Millions of lives across the Eastern United States and the Caribbean have been affected by Hurricane Sandy over the last week. For some, the cost was measured in dollars, but for others, in lives. Our thoughts are of course with all those who have been and continue to be affected.
For Van Patten Media, we consider ourselves extremely fortunate that the challenges Sandy brought were mostly only technical ones.
We have learned a lot through the preparation for and the recovery from Sandy, however, and we’d like to share our reflections.
When Clouds Collide
Like many internet businesses, our servers are ‘in the cloud’ — completely virtual. We use a pair of Linode 768 virtual private servers.
They are virtual in the sense that they don’t occupy a whole physical machine each and can flexibly be moved from one place to another, but they still do need to exist on a physical machine somewhere. That physical ‘host’ server needs to sit in a data center, and the one we chose was Linode’s Newark, NJ facility, for its geographical proximity to most of our customers.
Being physically located in Newark, NJ as the storm rolled in was a problem. Of course, the data center facilities include backup generator power, but with the possibility of flood damage taking out the generators too, there was a significant risk of prolonged loss of service for all our customers.
Cloning for Contingency
In preparation, we used Linode’s built-in ‘clone’ feature to copy our servers to their London facility, where they would be well out of the way. Once the clones completed, we altered the hostnames and other machine-specific configurations — for example, these changes created new, separate backup sets for our cloned machines, so we did not confuse our existing backups with the new ones.
The clone worked quite well, bar a few inconsistencies that needed to be addressed. However, we relied entirely upon this particular proprietary feature of the Linode platform. We also relied entirely on the fact that we had prior knowledge of the possibility of downtime to make these preparations. What if we had not had that early warning?
On our Managed Hosting platform, we are using our wpframe project for all our sites. This system stores and manages not just the site’s code, but its configuration too, and is a key part of our Managed Hosting. Tools like Puppet and Capistrano are built-in to wpframe, and they allow us to redeploy a site with one button.
So, in the case of a wpframe site, it is very easy to ‘clone’ it without anything extra – all you need is the wpframed site’s Git repository, the (open source) software stack that wpframe depends on, a database backup, and a new server at which to target your deployment.
With our legacy sites that do not use wpframe — the situation is more complicated. I have no doubt that we could restore everything, because we, of course, back it all up!
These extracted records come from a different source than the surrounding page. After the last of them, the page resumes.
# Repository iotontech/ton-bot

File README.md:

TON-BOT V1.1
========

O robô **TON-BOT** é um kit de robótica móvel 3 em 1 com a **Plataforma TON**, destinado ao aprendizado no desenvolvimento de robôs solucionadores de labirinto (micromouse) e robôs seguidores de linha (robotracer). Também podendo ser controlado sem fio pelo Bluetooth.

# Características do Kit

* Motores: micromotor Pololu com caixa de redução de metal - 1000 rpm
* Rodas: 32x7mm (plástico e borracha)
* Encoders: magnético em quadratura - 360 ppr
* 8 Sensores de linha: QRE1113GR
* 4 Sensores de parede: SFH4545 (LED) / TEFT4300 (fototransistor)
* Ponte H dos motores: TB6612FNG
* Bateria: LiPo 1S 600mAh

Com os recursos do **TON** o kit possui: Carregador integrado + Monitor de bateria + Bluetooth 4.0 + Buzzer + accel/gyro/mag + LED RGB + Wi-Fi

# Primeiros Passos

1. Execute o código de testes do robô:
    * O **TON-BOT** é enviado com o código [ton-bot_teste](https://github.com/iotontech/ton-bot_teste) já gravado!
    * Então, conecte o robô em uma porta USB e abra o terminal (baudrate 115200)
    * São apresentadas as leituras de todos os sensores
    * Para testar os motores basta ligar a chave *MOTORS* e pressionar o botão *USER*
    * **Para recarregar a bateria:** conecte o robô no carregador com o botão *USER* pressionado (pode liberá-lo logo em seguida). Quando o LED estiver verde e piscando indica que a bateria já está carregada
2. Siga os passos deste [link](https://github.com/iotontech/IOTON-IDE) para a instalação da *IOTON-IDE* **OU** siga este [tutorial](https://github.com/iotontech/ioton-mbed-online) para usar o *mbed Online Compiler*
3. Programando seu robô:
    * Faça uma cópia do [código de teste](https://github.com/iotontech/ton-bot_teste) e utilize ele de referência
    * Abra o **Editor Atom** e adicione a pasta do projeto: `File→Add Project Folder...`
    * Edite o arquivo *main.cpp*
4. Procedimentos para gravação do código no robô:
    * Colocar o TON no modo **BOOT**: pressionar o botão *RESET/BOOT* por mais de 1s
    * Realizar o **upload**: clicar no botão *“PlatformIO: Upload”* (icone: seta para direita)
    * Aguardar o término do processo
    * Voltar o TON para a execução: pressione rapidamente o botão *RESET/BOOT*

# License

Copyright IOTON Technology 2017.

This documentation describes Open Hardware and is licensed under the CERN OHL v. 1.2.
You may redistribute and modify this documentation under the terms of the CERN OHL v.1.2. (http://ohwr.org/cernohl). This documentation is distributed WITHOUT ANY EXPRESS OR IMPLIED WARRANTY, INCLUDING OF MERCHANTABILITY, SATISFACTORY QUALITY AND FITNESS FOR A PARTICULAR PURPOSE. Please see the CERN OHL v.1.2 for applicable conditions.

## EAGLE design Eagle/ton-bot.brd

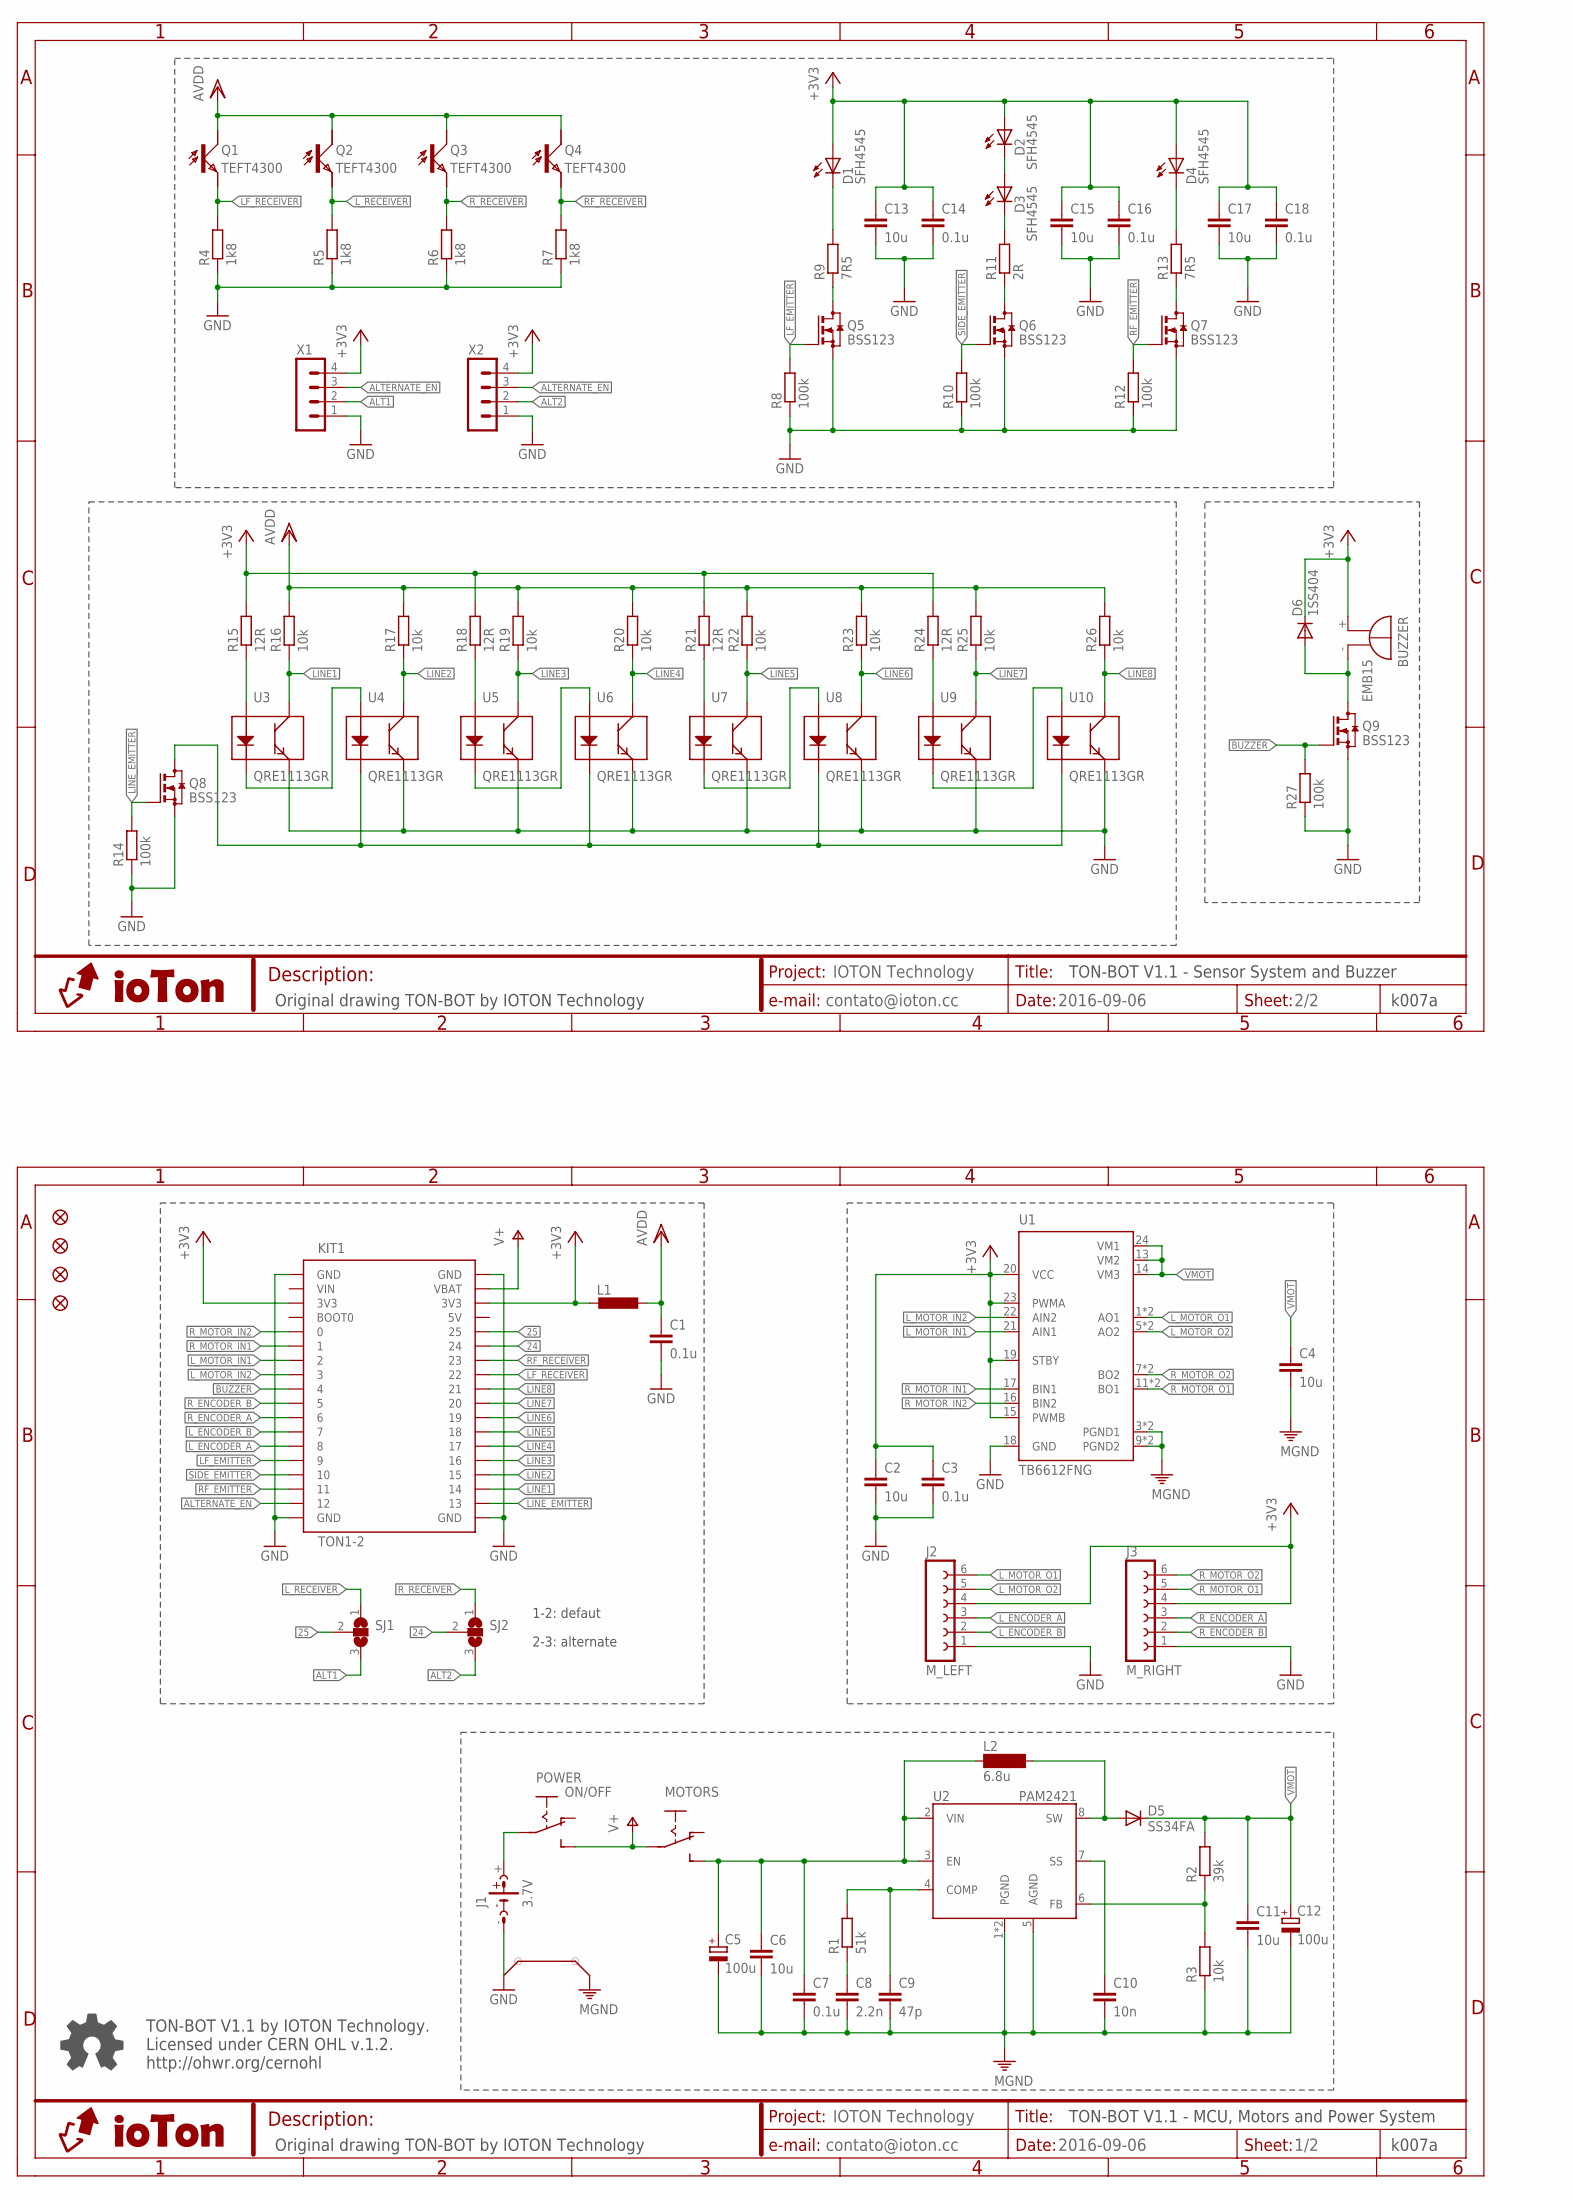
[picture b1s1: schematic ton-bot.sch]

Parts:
BUZZER: EMB15; BMT1205XH7.5
C1, C3, C7, C14, C16, C18: 0.1u; C0603
C2, C4, C6, C11, C13, C15, C17: 10u; C0805
C5, C12: 100u; 153CLV-0505
C8: 2.2n; C0603
C9: 47p; C0603
C10: 10n; C0603
D1: SFH4545; SFH4545-AK
D2, D3, D4: SFH4545; SFH4545-KA
D5: SS34FA; DO214BA
D6: 1SS404; SOD323-R
J1: 3.7V; BATTERY
J2: M_LEFT; CON6-1_2MM
J3: M_RIGHT; CON6-1_2MM
JP1, JP2, JP3, JP4: FIDUCIAL1X2; FIDUCIAL-1X2
KIT1: TON1-2
L1: L-EUL0603; L0603
L2: 6.8u; TYS6045
MOTORS: SWITCHS; SWITCH
POWER: ON/OFF; SWITCH
Q1, Q3: TEFT4300; TEFT4300-CE
Q2, Q4: TEFT4300; TEFT4300-EC
Q5, Q6, Q7, Q8, Q9: BSS123; SOT23
R1: 51k; R0603
R2: 39k; R0603
R3, R16, R17, R19, R20, R22, R23, R25, R26: 10k; R0603
R4, R5, R6, R7: 1k8; R0603
R8, R10, R12, R14, R27: 100k; R0603
R9, R13: 7R5; R0805
R11: 2R; R0805
R15, R18, R21, R24: 12R; R0603
SJ1, SJ2: SJ2W; SJ_2
U1: TB6612FNG; SSOP24
U2: PAM2421; SO-08EP
U3, U4, U5, U6, U7, U8, U9, U10: QRE1113GR; QRE1113
X1, X2: MA04-1; PIN4-1

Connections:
5V: KIT1.EXT-2.4 (5V)
24: KIT1.EXT-2.6 (24), SJ2.2
25: KIT1.EXT-2.5 (25), SJ1.2
+3V3: BUZZER.+, C2.1, C3.1, C13.1, C14.1, C15.1, C16.1, C17.1, C18.1, D1.A, D2.A, D4.A, D6.C, J2.4, J3.4, KIT1.EXT-1.3 (3V3), KIT1.EXT-2.3 (3V3), L1.2, R15.2, R18.2, R21.2, R24.2, U1.15 (PWMB), U1.19 (STBY), U1.20 (VCC), U1.23 (PWMA), X1.4, X2.4
ALT1: SJ1.3, X1.2
ALT2: SJ2.3, X2.2
ALTERNATE_EN: KIT1.EXT-1.17 (12), X1.3, X2.3
A_VDD: C1.1, L1.1, Q1.C, Q2.C, Q3.C, Q4.C, R16.2, R17.2, R19.2, R20.2, R22.2, R23.2, R25.2, R26.2
BUZZER: KIT1.EXT-1.9 (4), Q9.1 (G), R27.2
FDSG: D5.A, L2.2, U2.8 (SW)
GND: C1.2, C2.2, C3.2, C13.2, C14.2, C15.2, C16.2, C17.2, C18.2, J1.-, J2.1, J3.1, KIT1.EXT-1.1 (GND), KIT1.EXT-1.18 (GND), KIT1.EXT-2.1 (GND), KIT1.EXT-2.18 (GND), KIT1.GND1 (GND), KIT1.GND2 (GND), Q5.2 (S), Q6.2 (S), Q7.2 (S), Q8.2 (S), Q9.2 (S), R4.1, R5.1, R6.1, R7.1, R8.1, R10.1, R12.1, R14.1, R27.1, U1.18 (GND), U3.4 (E), U4.4 (E), U5.4 (E), U6.4 (E), U7.4 (E), U8.4 (E), U9.4 (E), U10.4 (E), X1.1, X2.1
LF_EMITTER: KIT1.EXT-1.14 (9), Q5.1 (G), R8.2
LF_RECEIVER: KIT1.EXT-2.8 (22), Q1.E, R4.2
LINE1: KIT1.EXT-2.16 (14), R16.1, U3.3 (C)
LINE2: KIT1.EXT-2.15 (15), R17.1, U4.3 (C)
LINE3: KIT1.EXT-2.14 (16), R19.1, U5.3 (C)
LINE4: KIT1.EXT-2.13 (17), R20.1, U6.3 (C)
LINE5: KIT1.EXT-2.12 (18), R22.1, U7.3 (C)
LINE6: KIT1.EXT-2.11 (19), R23.1, U8.3 (C)
LINE7: KIT1.EXT-2.10 (20), R25.1, U9.3 (C)
LINE8: KIT1.EXT-2.9 (21), R26.1, U10.3 (C)
LINE_EMITTER: KIT1.EXT-2.17 (13), Q8.1 (G), R14.2
LINE_K: Q8.3 (D), U4.2 (K), U6.2 (K), U8.2 (K), U10.2 (K)
L_ENCODER_A: J2.3, KIT1.EXT-1.13 (8)
L_ENCODER_B: J2.2, KIT1.EXT-1.12 (7)
L_MOTOR_IN1: KIT1.EXT-1.7 (2), U1.21 (AIN1)
L_MOTOR_IN2: KIT1.EXT-1.8 (3), U1.22 (AIN2)
L_MOTOR_O1: J2.6, U1.1 (AO1), U1.2 (AO1)
L_MOTOR_O2: J2.5, U1.5 (AO2), U1.6 (AO2)
L_RECEIVER: Q2.E, R5.2, SJ1.1
M_GND: C4.2, C5.-, C6.2, C7.2, C8.2, C9.2, C10.2, C11.2, C12.-, R3.1, U1.3 (PGND1), U1.4 (PGND1), U1.9 (PGND2), U1.10 (PGND2), U2.1 (PGND), U2.5 (AGND), U2.EXP (PGND)
unnamed: Q5.3 (D), R9.1
unnamed: Q6.3 (D), R11.1
unnamed: Q7.3 (D), R13.1
unnamed: BUZZER.-, D6.A, Q9.3 (D)
unnamed: R2.1, R3.2, U2.6 (FB)
unnamed: C10.1, U2.7 (SS)
unnamed: C8.1, R1.1
unnamed: C9.1, R1.2, U2.4 (COMP)
unnamed: D2.K, D3.A
unnamed: D1.K, R9.2
unnamed: D4.K, R13.2
unnamed: J1.+, POWER.P
unnamed: D3.K, R11.2
unnamed: R15.1, U3.1 (A)
unnamed: U3.2 (K), U4.1 (A)
unnamed: U5.2 (K), U6.1 (A)
unnamed: U7.2 (K), U8.1 (A)
unnamed: U9.2 (K), U10.1 (A)
unnamed: R24.1, U9.1 (A)
unnamed: R21.1, U7.1 (A)
unnamed: R18.1, U5.1 (A)
RF_EMITTER: KIT1.EXT-1.16 (11), Q7.1 (G), R12.2
RF_RECEIVER: KIT1.EXT-2.7 (23), Q4.E, R7.2
R_ENCODER_A: J3.3, KIT1.EXT-1.11 (6)
R_ENCODER_B: J3.2, KIT1.EXT-1.10 (5)
R_MOTOR_IN1: KIT1.EXT-1.6 (1), U1.17 (BIN1)
R_MOTOR_IN2: KIT1.EXT-1.5 (0), U1.16 (BIN2)
R_MOTOR_O1: J3.5, U1.11 (BO1), U1.12 (BO1)
R_MOTOR_O2: J3.6, U1.7 (BO2), U1.8 (BO2)
R_RECEIVER: Q3.E, R6.2, SJ2.1
SIDE_EMITTER: KIT1.EXT-1.15 (10), Q6.1 (G), R10.2
V+: KIT1.EXT-2.2 (VBAT), MOTORS.P, POWER.S
VIN: KIT1.EXT-1.2 (VIN)
VIN_M: C5.+, C6.1, C7.1, L2.1, MOTORS.S, U2.2 (VIN), U2.3 (EN)
VMOT: C4.1, C11.1, C12.+, D5.C, R2.2, U1.13 (VM2), U1.14 (VM3), U1.24 (VM1)

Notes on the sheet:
1-2: defaut
2-3: alternate
TON-BOT V1.1 - MCU, Motors and Power System
TON-BOT V1.1 by IOTON Technology. Licensed under CERN OHL v.1.2. http://ohwr.org/cernohl
Original drawing TON-BOT by IOTON Technology
k007a
TON-BOT V1.1 - Sensor System and Buzzer

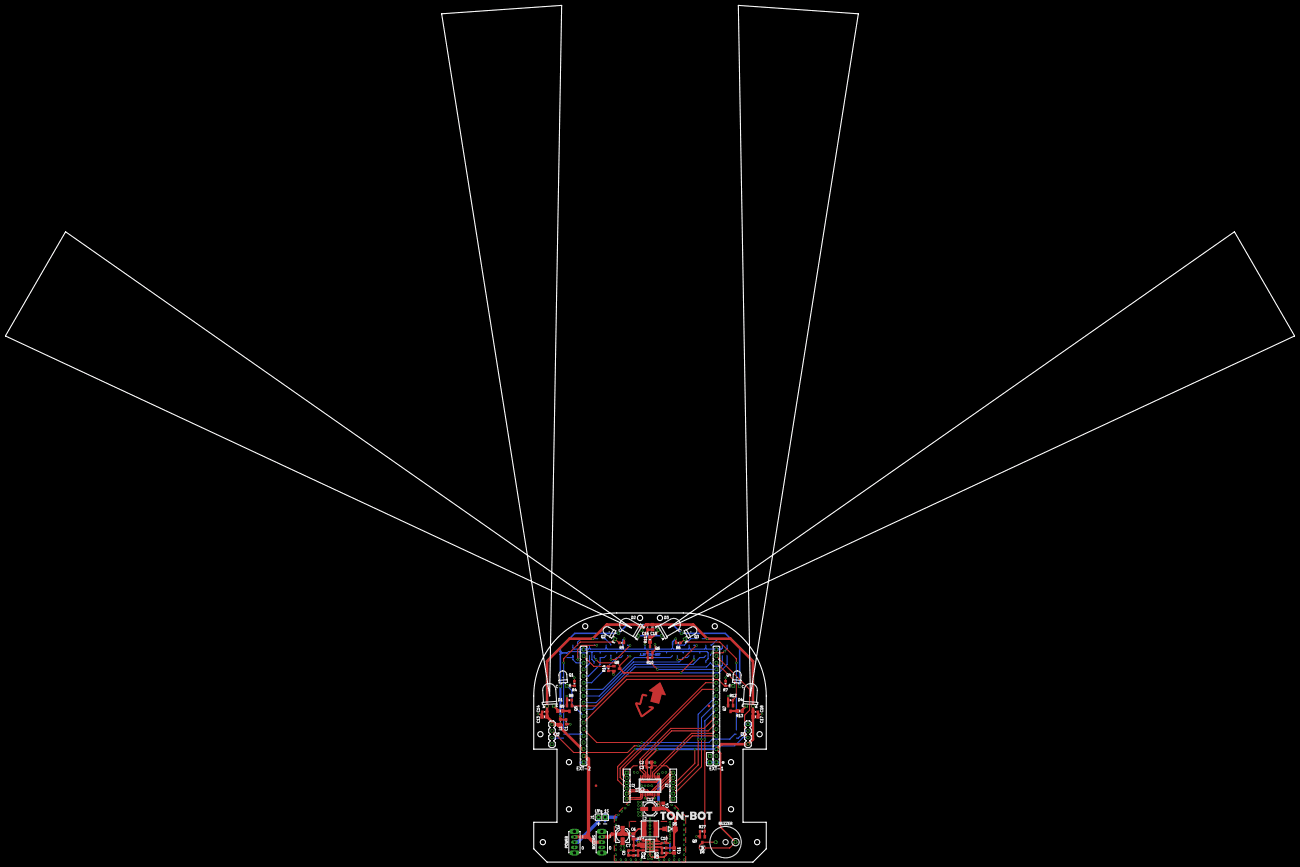
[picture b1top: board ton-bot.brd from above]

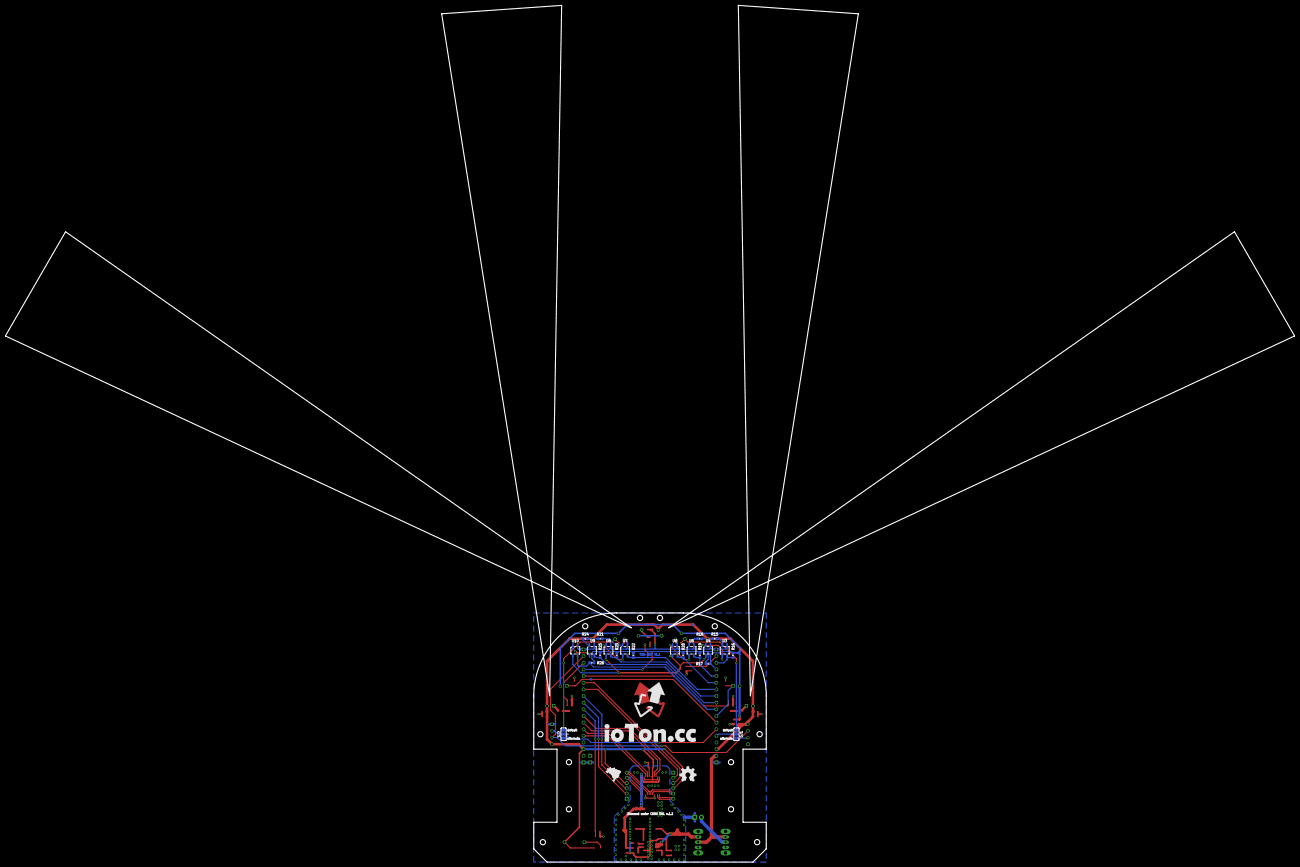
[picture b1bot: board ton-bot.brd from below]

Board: 2 copper layers, 492.9 x 327.5 mm, 87 parts (24 on the bottom side), 64 nets.

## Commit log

2017-06-24 First commit - Release v1.1.0

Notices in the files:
parts and their libraries:
SparkFun: Licensing: CC v3.0 Share-Alike You are welcome to use this library for commercial purposes.

However, the level of human intervention required to restore an individual site is higher, because the process of reconfiguration has not been automated in the same way. This means that restores take more time and need more manual testing and verification.
Clearly, if our legacy platform will continue to be around, we need to do more to automate the restore process of these sites’ code, configurations and databases.
Dealing with DNS
The Domain Name System (DNS) is a critical part of any site’s infrastructure. Without the abilty to look up the name, vanpattenmedia.com, and turn it into the IP address of this server, no website visitor could access our website. At all.
So, once our clones were completed, we needed to go through all of the sites that had moved and change this mapping, so that requests pointed to our London-based servers. If the Newark facility did go down, visitors would be sent to London anyway and would be unaffected.
DNS is a hierarchical, distributed system, which means that when changes are made, you need to wait for other DNS servers to notice these changes and update their records (we sometimes call this process ‘propagating’). Only when all these records have been updated can you be sure that visitors will come to the right place. And it is only when the ‘TTL’ timer expires for a record that the other DNS servers will come back and see if there are any updates.
One of our challenges was that we had long TTL values for many of our sites. Long TTLs are normally good, as they help keep DNS running efficiently, but in a situation where we wanted to move sites over to London quickly, we were at the mercy of however long these timers had left to run.
We were prepared with sufficient time before the storm hit that we did have time for these timers to expire before we switched all traffic over to London (and we then reduced the TTLs to 5 minutes). But, again, what if we hadn’t had the advance warning?
How we manage DNS in the future needs to take into account this ability to swiftly ‘fail over’ to another machine and direct site visitors elsewhere, while we set to work fixing the machine that has broken (or wait for somebody else to do so, if the failure is their responsibility).
As it happened, the Newark data center stayed up throughout the storm, but the risk of its failure was such that not taking action was not an option.
What we were able to do was to use this as an opportunity to test our emergency procedures and we have identified areas where we could be doing more. We will be working to improve many of these behind-the-scenes contingency plans in the coming weeks.
Again, I am reminded that we are fortunate that our concerns have been commercial — that we have only had to worry about computers and code, and not the loss of life and homes. As the world outside the affected areas continues as normal, let us take a moment to remember that there are people who still need our help.